Чертополох | страница 30



— Матерь Божия! — умилялся Ардальон Егорович. — Чего у вас нету? Вот, жизнь-то.

— Да-с, я на эту войну не в обиде, — признался хозяин. — Поотъелся здесь. Никаких очередей не знаем. Всего везут пока… Только вот, эвакуацией стращают, а то ничего… Жить можно! Раньше-то строгости были, старший врач — собака. А теперь мы его скрутили, по струнке ходит. Свобода! Пациенты мои в одних халатах на солнышко выползают и, как тараканы, во все стороны. До ночи не соберешь.
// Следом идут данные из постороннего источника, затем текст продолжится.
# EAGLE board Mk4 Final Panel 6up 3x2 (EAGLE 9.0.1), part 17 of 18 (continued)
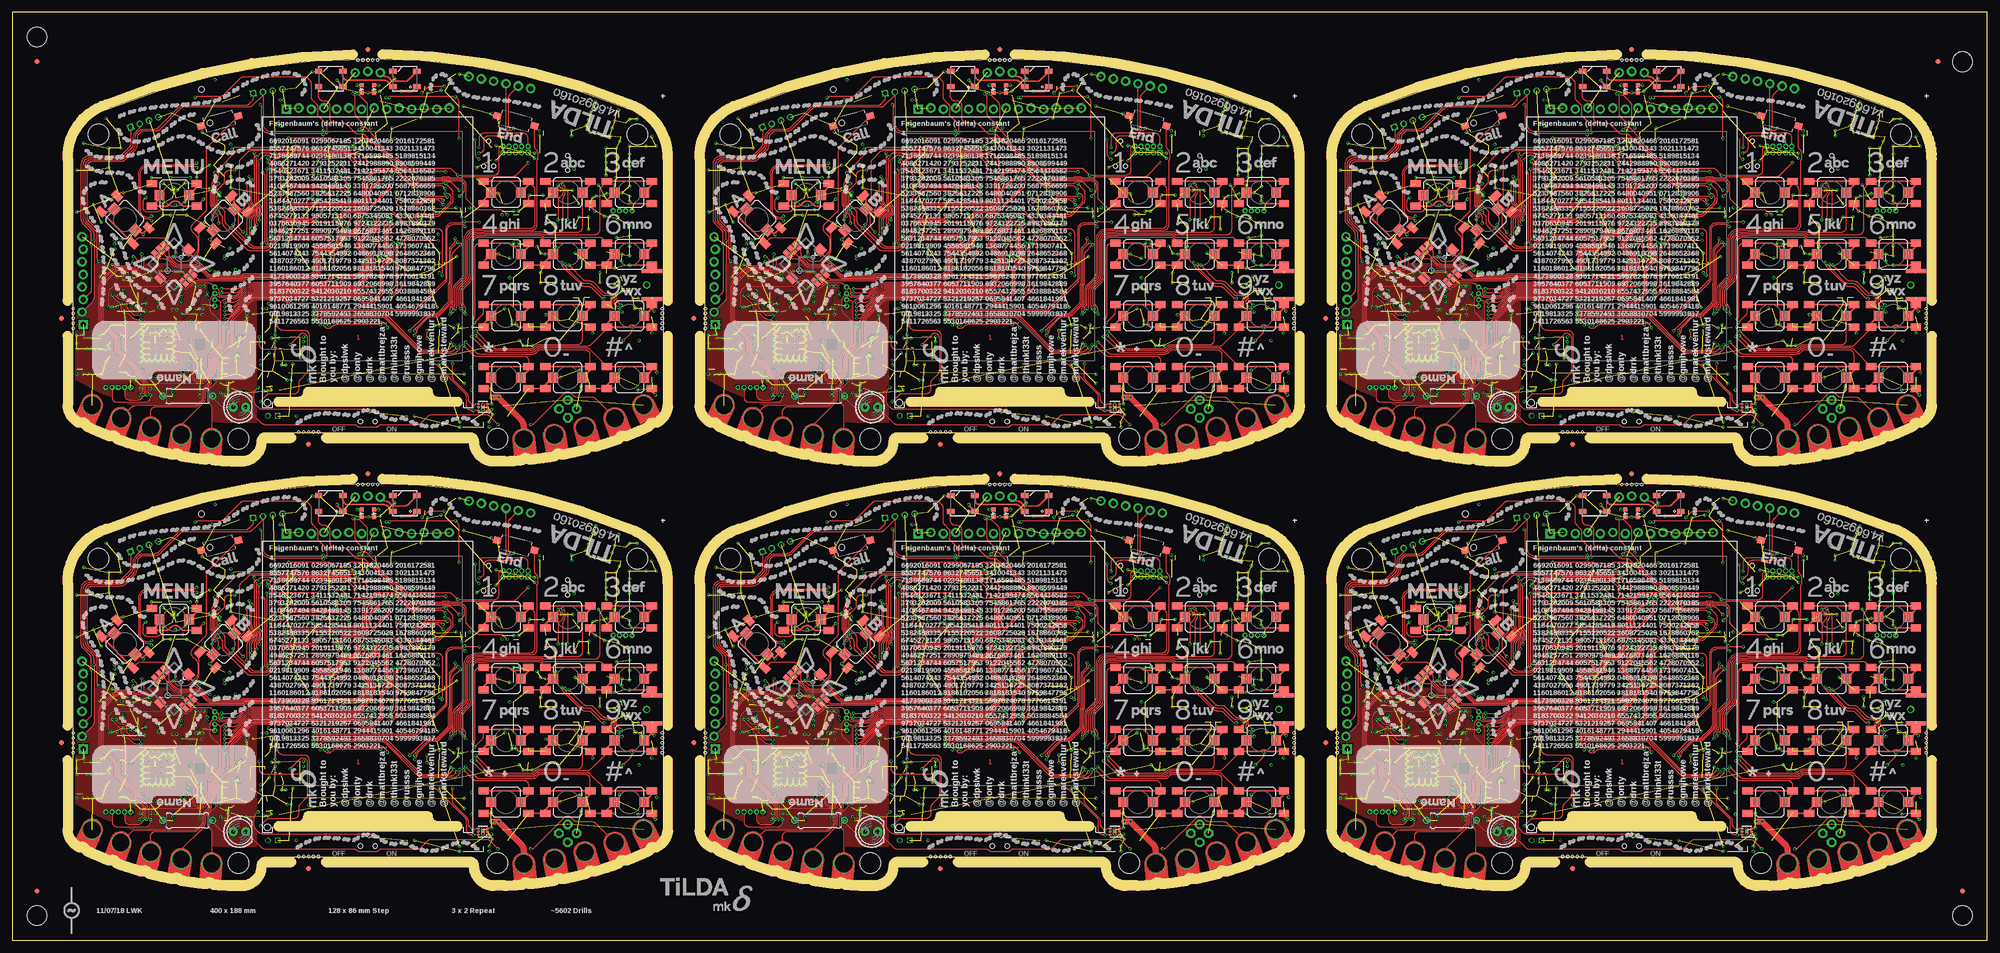
[diagram p0: board, top side]
## Tracks (layer width: path | path; a pad name or v marks a point on that pad's centre or on a via) (continued)
VBUS  (via drill 0.3)  (3 unrouted)
  Top 0.2: v89.75,84.95 76.55,84.95 v76.35,84.75
  Top 0.22: v90.5,76.5 90.5,83.79 arc45 90.21,84.49 v89.75,84.95
  3V3@2 0.2: v57.5,40.75 52.75,40.75 v51.5,42
  3V3@2 0.75: 51,42 51,43.5 54.25,46.75 v54.25,79 v53.75,79.5 | v51.5,42 51,42 | 51,42 v50.75,42 | v54.25,84.25 75.25,84.25 v75.75,84.75 v76.35,84.75
  Bottom 0.15: v89.75,84.95 89.7,85 IC7.5
  Bottom 0.2: LED6.A v57.5,40.75
  Bottom 0.22: IC1.96 78.2,73.5 arc-90 79.2,74.5 89.5,74.5 arc90 90.5,75.5 v90.5,76.5
  Bottom 0.5: TP7.TP v75.75,84.75
  Bottom 0.75: L2.2 v75.75,84.75 | v54.25,79 53.79,79.46 arc-45 53.5,80.16 53.5,83.09 arc-45 53.79,83.79 v54.25,84.25 v55,84.25
  pour Bottom (no thermals): 52.05,37.7 52.05,41.95 51.65,42.35 50.65,42.35 50.25,41.95 50.25,37.8 50.85,37.2 51.6,37.2 51.6,37.7
VBUS1  (via drill 0.3)  (3 unrouted)
  Top 0.2: v217.75,84.95 204.55,84.95 v204.35,84.75
  Top 0.22: v218.5,76.5 218.5,83.79 arc45 218.21,84.49 v217.75,84.95
  3V3@2 0.2: v185.5,40.75 180.75,40.75 v179.5,42
  3V3@2 0.75: 179,42 179,43.5 182.25,46.75 v182.25,79 v181.75,79.5 | v179.5,42 179,42 | 179,42 v178.75,42 | v182.25,84.25 203.25,84.25 v203.75,84.75 v204.35,84.75
  Bottom 0.15: v217.75,84.95 217.7,85 IC23.5
  Bottom 0.2: LED12.A v185.5,40.75
  Bottom 0.22: IC20.96 206.2,73.5 arc-90 207.2,74.5 217.5,74.5 arc90 218.5,75.5 v218.5,76.5
  Bottom 0.5: TP26.TP v203.75,84.75
  Bottom 0.75: L10.2 v203.75,84.75 | v182.25,79 181.79,79.46 arc-45 181.5,80.16 181.5,83.09 arc-45 181.79,83.79 v182.25,84.25 v183,84.25
  pour Bottom (no thermals): 180.05,37.7 180.05,41.95 179.65,42.35 178.65,42.35 178.25,41.95 178.25,37.8 178.85,37.2 179.6,37.2 179.6,37.7
VBUS2  (via drill 0.3)  (3 unrouted)
  Top 0.2: v89.75,170.95 76.55,170.95 v76.35,170.75
  Top 0.22: v90.5,162.5 90.5,169.79 arc45 90.21,170.49 v89.75,170.95
  3V3@2 0.2: v57.5,126.75 52.75,126.75 v51.5,128
  3V3@2 0.75: 51,128 51,129.5 54.25,132.75 v54.25,165 v53.75,165.5 | v51.5,128 51,128 | 51,128 v50.75,128 | v54.25,170.25 75.25,170.25 v75.75,170.75 v76.35,170.75
  Bottom 0.15: v89.75,170.95 89.7,171 IC41.5
  Bottom 0.2: LED18.A v57.5,126.75
  Bottom 0.22: IC38.96 78.2,159.5 arc-90 79.2,160.5 89.5,160.5 arc90 90.5,161.5 v90.5,162.5
  Bottom 0.5: TP45.TP v75.75,170.75
  Bottom 0.75: L19.2 v75.75,170.75 | v54.25,165 53.79,165.46 arc-45 53.5,166.16 53.5,169.09 arc-45 53.79,169.79 v54.25,170.25 v55,170.25
  pour Bottom (no thermals): 52.05,123.7 52.05,127.95 51.65,128.35 50.65,128.35 50.25,127.95 50.25,123.8 50.85,123.2 51.6,123.2 51.6,123.7
VBUS3  (via drill 0.3)  (3 unrouted)
  Top 0.2: v217.75,170.95 204.55,170.95 v204.35,170.75
  Top 0.22: v218.5,162.5 218.5,169.79 arc45 218.21,170.49 v217.75,170.95
  3V3@2 0.2: v185.5,126.75 180.75,126.75 v179.5,128
  3V3@2 0.75: 179,128 179,129.5 182.25,132.75 v182.25,165 v181.75,165.5 | v179.5,128 179,128 | 179,128 v178.75,128 | v182.25,170.25 203.25,170.25 v203.75,170.75 v204.35,170.75
  Bottom 0.15: v217.75,170.95 217.7,171 IC59.5
  Bottom 0.2: LED24.A v185.5,126.75
  Bottom 0.22: IC56.96 206.2,159.5 arc-90 207.2,160.5 217.5,160.5 arc90 218.5,161.5 v218.5,162.5
  Bottom 0.5: TP64.TP v203.75,170.75
  Bottom 0.75: L28.2 v203.75,170.75 | v182.25,165 181.79,165.46 arc-45 181.5,166.16 181.5,169.09 arc-45 181.79,169.79 v182.25,170.25 v183,170.25
  pour Bottom (no thermals): 180.05,123.7 180.05,127.95 179.65,128.35 178.65,128.35 178.25,127.95 178.25,123.8 178.85,123.2 179.6,123.2 179.6,123.7
VBUS4  (via drill 0.3)  (3 unrouted)
  Top 0.2: v345.75,84.95 332.55,84.95 v332.35,84.75
  Top 0.22: v346.5,76.5 346.5,83.79 arc45 346.21,84.49 v345.75,84.95
  3V3@2 0.2: v313.5,40.75 308.75,40.75 v307.5,42
  3V3@2 0.75: 307,42 307,43.5 310.25,46.75 v310.25,79 v309.75,79.5 | v307.5,42 307,42 | 307,42 v306.75,42 | v310.25,84.25 331.25,84.25 v331.75,84.75 v332.35,84.75
  Bottom 0.15: v345.75,84.95 345.7,85 IC77.5
  Bottom 0.2: LED30.A v313.5,40.75
  Bottom 0.22: IC74.96 334.2,73.5 arc-90 335.2,74.5 345.5,74.5 arc90 346.5,75.5 v346.5,76.5
  Bottom 0.5: TP83.TP v331.75,84.75
  Bottom 0.75: L37.2 v331.75,84.75 | v310.25,79 309.79,79.46 arc-45 309.5,80.16 309.5,83.09 arc-45 309.79,83.79 v310.25,84.25 v311,84.25
  pour Bottom (no thermals): 308.05,37.7 308.05,41.95 307.65,42.35 306.65,42.35 306.25,41.95 306.25,37.8 306.85,37.2 307.6,37.2 307.6,37.7
VBUS6  (via drill 0.3)  (3 unrouted)
  Top 0.2: v345.75,170.95 332.55,170.95 v332.35,170.75
  Top 0.22: v346.5,162.5 346.5,169.79 arc45 346.21,170.49 v345.75,170.95
  3V3@2 0.2: v313.5,126.75 308.75,126.75 v307.5,128
  3V3@2 0.75: 307,128 307,129.5 310.25,132.75 v310.25,165 v309.75,165.5 | v307.5,128 307,128 | 307,128 v306.75,128 | v310.25,170.25 331.25,170.25 v331.75,170.75 v332.35,170.75
  Bottom 0.15: v345.75,170.95 345.7,171 IC113.5
  Bottom 0.2: LED42.A v313.5,126.75
  Bottom 0.22: IC110.96 334.2,159.5 arc-90 335.2,160.5 345.5,160.5 arc90 346.5,161.5 v346.5,162.5
  Bottom 0.5: TP121.TP v331.75,170.75
  Bottom 0.75: L55.2 v331.75,170.75 | v310.25,165 309.79,165.46 arc-45 309.5,166.16 309.5,169.09 arc-45 309.79,169.79 v310.25,170.25 v311,170.25
  pour Bottom (no thermals): 308.05,123.7 308.05,127.95 307.65,128.35 306.65,128.35 306.25,127.95 306.25,123.8 306.85,123.2 307.6,123.2 307.6,123.7
VBUS_L
  Bottom 0.4: U1.VBUS arc-47 L2.1
VBUS_L1
  Bottom 0.4: U2.VBUS arc-47 L10.1
VBUS_L2
  Bottom 0.4: U7.VBUS arc-47 L19.1
VBUS_L3
  Bottom 0.4: U10.VBUS arc-47 L28.1
VBUS_L4
  Bottom 0.4: U13.VBUS arc-47 L37.1
VBUS_L6
  Bottom 0.4: U19.VBUS arc-47 L55.1
VDD_ANA  (via drill 0.3)  (3 unrouted)
  Bottom 0.2: IC15.48 34.55,38.95
  Bottom 0.25: C44.1 26.1,41.4 26.96,40.54 arc-45 27.25,39.84 IC15.36 | IC15.25 24.91,34.75 arc-45 24.21,35.04 C62.1 v24,36
  Bottom 0.4: 34.55,38.95 arc45 35.03,38.75 C61.1 v36.25,39.5 | C44.1 v25.35,41.75
  Bottom 0.5: C63.1 23.45,45.6 v22.6,45.6 | C63.1 23.5,44.85 v22.6,44.85 | C63.1 L7.1
  pour 3V3@2 (rank 2, no thermals): 36.75,39.75 36.75,39 36.25,38.5 34.5,38.5 33.75,39.5 26.5,39.5 24.5,37.5 24.5,36 24,35.5 23.75,35.5 23.5,35.75 23.5,36.5 23.75,36.75 23.75,39.5 23.25,40 22.5,40 22,40.5 22,44.3 21.7,44.6 21.7,45.5 22.2,46 22.8,46 23.25,45.55 23.25,42.25 23.5,42 25,42 25.25,42.25 27.65,42.25 29.65,40.25 36.25,40.25
VDD_ANA1  (via drill 0.3)  (3 unrouted)
  Bottom 0.2: IC29.48 162.55,38.95
  Bottom 0.25: C190.1 154.1,41.4 154.96,40.54 arc-45 155.25,39.84 IC29.36 | IC29.25 152.91,34.75 arc-45 152.21,35.04 C188.1 v152,36
  Bottom 0.4: 162.55,38.95 arc45 163.03,38.75 C191.1 v164.25,39.5 | C190.1 v153.35,41.75
  Bottom 0.5: C189.1 151.45,45.6 v150.6,45.6 | C189.1 151.5,44.85 v150.6,44.85 | C189.1 L16.1
  pour 3V3@2 (rank 2, no thermals): 164.75,39.75 164.75,39 164.25,38.5 162.5,38.5 161.75,39.5 154.5,39.5 152.5,37.5 152.5,36 152,35.5 151.75,35.5 151.5,35.75 151.5,36.5 151.75,36.75 151.75,39.5 151.25,40 150.5,40 150,40.5 150,44.3 149.7,44.6 149.7,45.5 150.2,46 150.8,46 151.25,45.55 151.25,42.25 151.5,42 153,42 153.25,42.25 155.65,42.25 157.65,40.25 164.25,40.25
VDD_ANA2  (via drill 0.3)  (3 unrouted)
  Bottom 0.2: IC47.48 34.55,124.95
  Bottom 0.25: C298.1 26.1,127.4 26.96,126.54 arc-45 27.25,125.84 IC47.36 | IC47.25 24.91,120.75 arc-45 24.21,121.04 C296.1 v24,122
  Bottom 0.4: 34.55,124.95 arc45 35.03,124.75 C299.1 v36.25,125.5 | C298.1 v25.35,127.75
  Bottom 0.5: C297.1 23.45,131.6 v22.6,131.6 | C297.1 23.5,130.85 v22.6,130.85 | C297.1 L25.1
  pour 3V3@2 (rank 2, no thermals): 36.75,125.75 36.75,125 36.25,124.5 34.5,124.5 33.75,125.5 26.5,125.5 24.5,123.5 24.5,122 24,121.5 23.75,121.5 23.5,121.75 23.5,122.5 23.75,122.75 23.75,125.5 23.25,126 22.5,126 22,126.5 22,130.3 21.7,130.6 21.7,131.5 22.2,132 22.8,132 23.25,131.55 23.25,128.25 23.5,128 25,128 25.25,128.25 27.65,128.25 29.65,126.25 36.25,126.25
VDD_ANA3  (via drill 0.3)  (3 unrouted)
  Bottom 0.2: IC65.48 162.55,124.95
  Bottom 0.25: C406.1 154.1,127.4 154.96,126.54 arc-45 155.25,125.84 IC65.36 | IC65.25 152.91,120.75 arc-45 152.21,121.04 C404.1 v152,122
  Bottom 0.4: 162.55,124.95 arc45 163.03,124.75 C407.1 v164.25,125.5 | C406.1 v153.35,127.75
  Bottom 0.5: C405.1 151.45,131.6 v150.6,131.6 | C405.1 151.5,130.85 v150.6,130.85 | C405.1 L34.1
  pour 3V3@2 (rank 2, no thermals): 164.75,125.75 164.75,125 164.25,124.5 162.5,124.5 161.75,125.5 154.5,125.5 152.5,123.5 152.5,122 152,121.5 151.75,121.5 151.5,121.75 151.5,122.5 151.75,122.75 151.75,125.5 151.25,126 150.5,126 150,126.5 150,130.3 149.7,130.6 149.7,131.5 150.2,132 150.8,132 151.25,131.55 151.25,128.25 151.5,128 153,128 153.25,128.25 155.65,128.25 157.65,126.25 164.25,126.25
VDD_ANA4  (via drill 0.3)  (3 unrouted)
  Bottom 0.2: IC83.48 290.55,38.95
  Bottom 0.25: C514.1 282.1,41.4 282.96,40.54 arc-45 283.25,39.84 IC83.36 | IC83.25 280.91,34.75 arc-45 280.21,35.04 C512.1 v280,36
  Bottom 0.4: 290.55,38.95 arc45 291.03,38.75 C515.1 v292.25,39.5 | C514.1 v281.35,41.75
  Bottom 0.5: C513.1 279.45,45.6 v278.6,45.6 | C513.1 279.5,44.85 v278.6,44.85 | C513.1 L43.1
  pour 3V3@2 (rank 2, no thermals): 292.75,39.75 292.75,39 292.25,38.5 290.5,38.5 289.75,39.5 282.5,39.5 280.5,37.5 280.5,36 280,35.5 279.75,35.5 279.5,35.75 279.5,36.5 279.75,36.75 279.75,39.5 279.25,40 278.5,40 278,40.5 278,44.3 277.7,44.6 277.7,45.5 278.2,46 278.8,46 279.25,45.55 279.25,42.25 279.5,42 281,42 281.25,42.25 283.65,42.25 285.65,40.25 292.25,40.25
VDD_ANA6  (via drill 0.3)  (3 unrouted)
  Bottom 0.2: IC119.48 290.55,124.95
  Bottom 0.25: C730.1 282.1,127.4 282.96,126.54 arc-45 283.25,125.84 IC119.36 | IC119.25 280.91,120.75 arc-45 280.21,121.04 C728.1 v280,122
  Bottom 0.4: 290.55,124.95 arc45 291.03,124.75 C731.1 v292.25,125.5 | C730.1 v281.35,127.75
  Bottom 0.5: C729.1 279.45,131.6 v278.6,131.6 | C729.1 279.5,130.85 v278.6,130.85 | C729.1 L61.1
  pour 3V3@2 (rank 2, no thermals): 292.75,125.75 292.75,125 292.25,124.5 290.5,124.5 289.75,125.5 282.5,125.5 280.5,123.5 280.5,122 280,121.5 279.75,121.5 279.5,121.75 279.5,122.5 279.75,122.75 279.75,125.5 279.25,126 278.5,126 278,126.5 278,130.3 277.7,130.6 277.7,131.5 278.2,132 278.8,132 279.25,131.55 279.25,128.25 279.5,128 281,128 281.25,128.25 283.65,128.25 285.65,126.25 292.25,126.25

Торговлю завели, кто чем… Одно слово — республика! А Софья Павловна у нас президентом. Только ее и побаиваются. Она у них в наказанье ноги запирает.

— Как? — поперхнулся суфлер.

— А так. Возьмет протезу и под замок. Товарищ и сидит, кается…

Софья Павловна шмыгнула черными маслянистыми глазками.

— Не слушайте его. Он сам их голосом ушибает. Начнет орать — мне даже страшно.

— А петь бросил? — спросил Ардальон Егорович.

Буркачев отмахнулся.

— Где там… Разве для больных иной раз «Марселя» тявкнешь, или Шумановских гренадеров. Это они любят. Пианино у нас было, да недавно отобрали. Баронесса одна жертвовала, а мужички у нее усадьбу распотрошили, ну барыня и обиделась. Эх, Ардальоша!.. Сказано: гора с горой… Где ж ты живешь-то? И дочка с тобою? Помню я, бывало, словно Велизарий…

— У родных живу, у зятя… — ответил суфлер. — Человек он простой, товарищ и все прочее… А в общем ничего. С напором человек. Уверовал и шабаш! У него и живу, временно, конечно. В Москву собираюсь. За меня там приятель один хлопочет. Вовка Маурин. Слыхал?

— Слыхать не слыхал, а на афишке видывал. Так ты, стало быть, пока в ожидании? У моря погоды?..

— Говорю тебе: хлопочет. Не веришь, могу письмо показать, на днях прислал, пишет, что дело на мази. Вовку — нарасхват. Он теперь с экрана не сходит, ему стоит пикнуть…

После обеда Буркачев вызвал в соседнюю комнату Софью Павловну и погудел за дверью своим протодиаконским басом, после чего вышел к гостю красный и сердитый, но хлопнул его по плечу.

— Идем! — сказал он. — Я тебя провожу. Беда с бабами… А туда же о равноправии пищат.

Выйдя на улицу, Буркачев разжал огромный волосатый кулак и показал суфлеру пачку кредиток.

— Хватит? — подмигнул он весело. — Тут, брат, неподалеку кабачок один имеется, кавказский. Какого ты мнения насчет кахетинского? А?

— Год не пивал! — подпрыгнул Ардальон Егорович. — Только уж того, извини, на мой счет.

— Да ну! — пустил санитар с «мефистофельским» сарказмом. — А ты знаешь ли цену-то?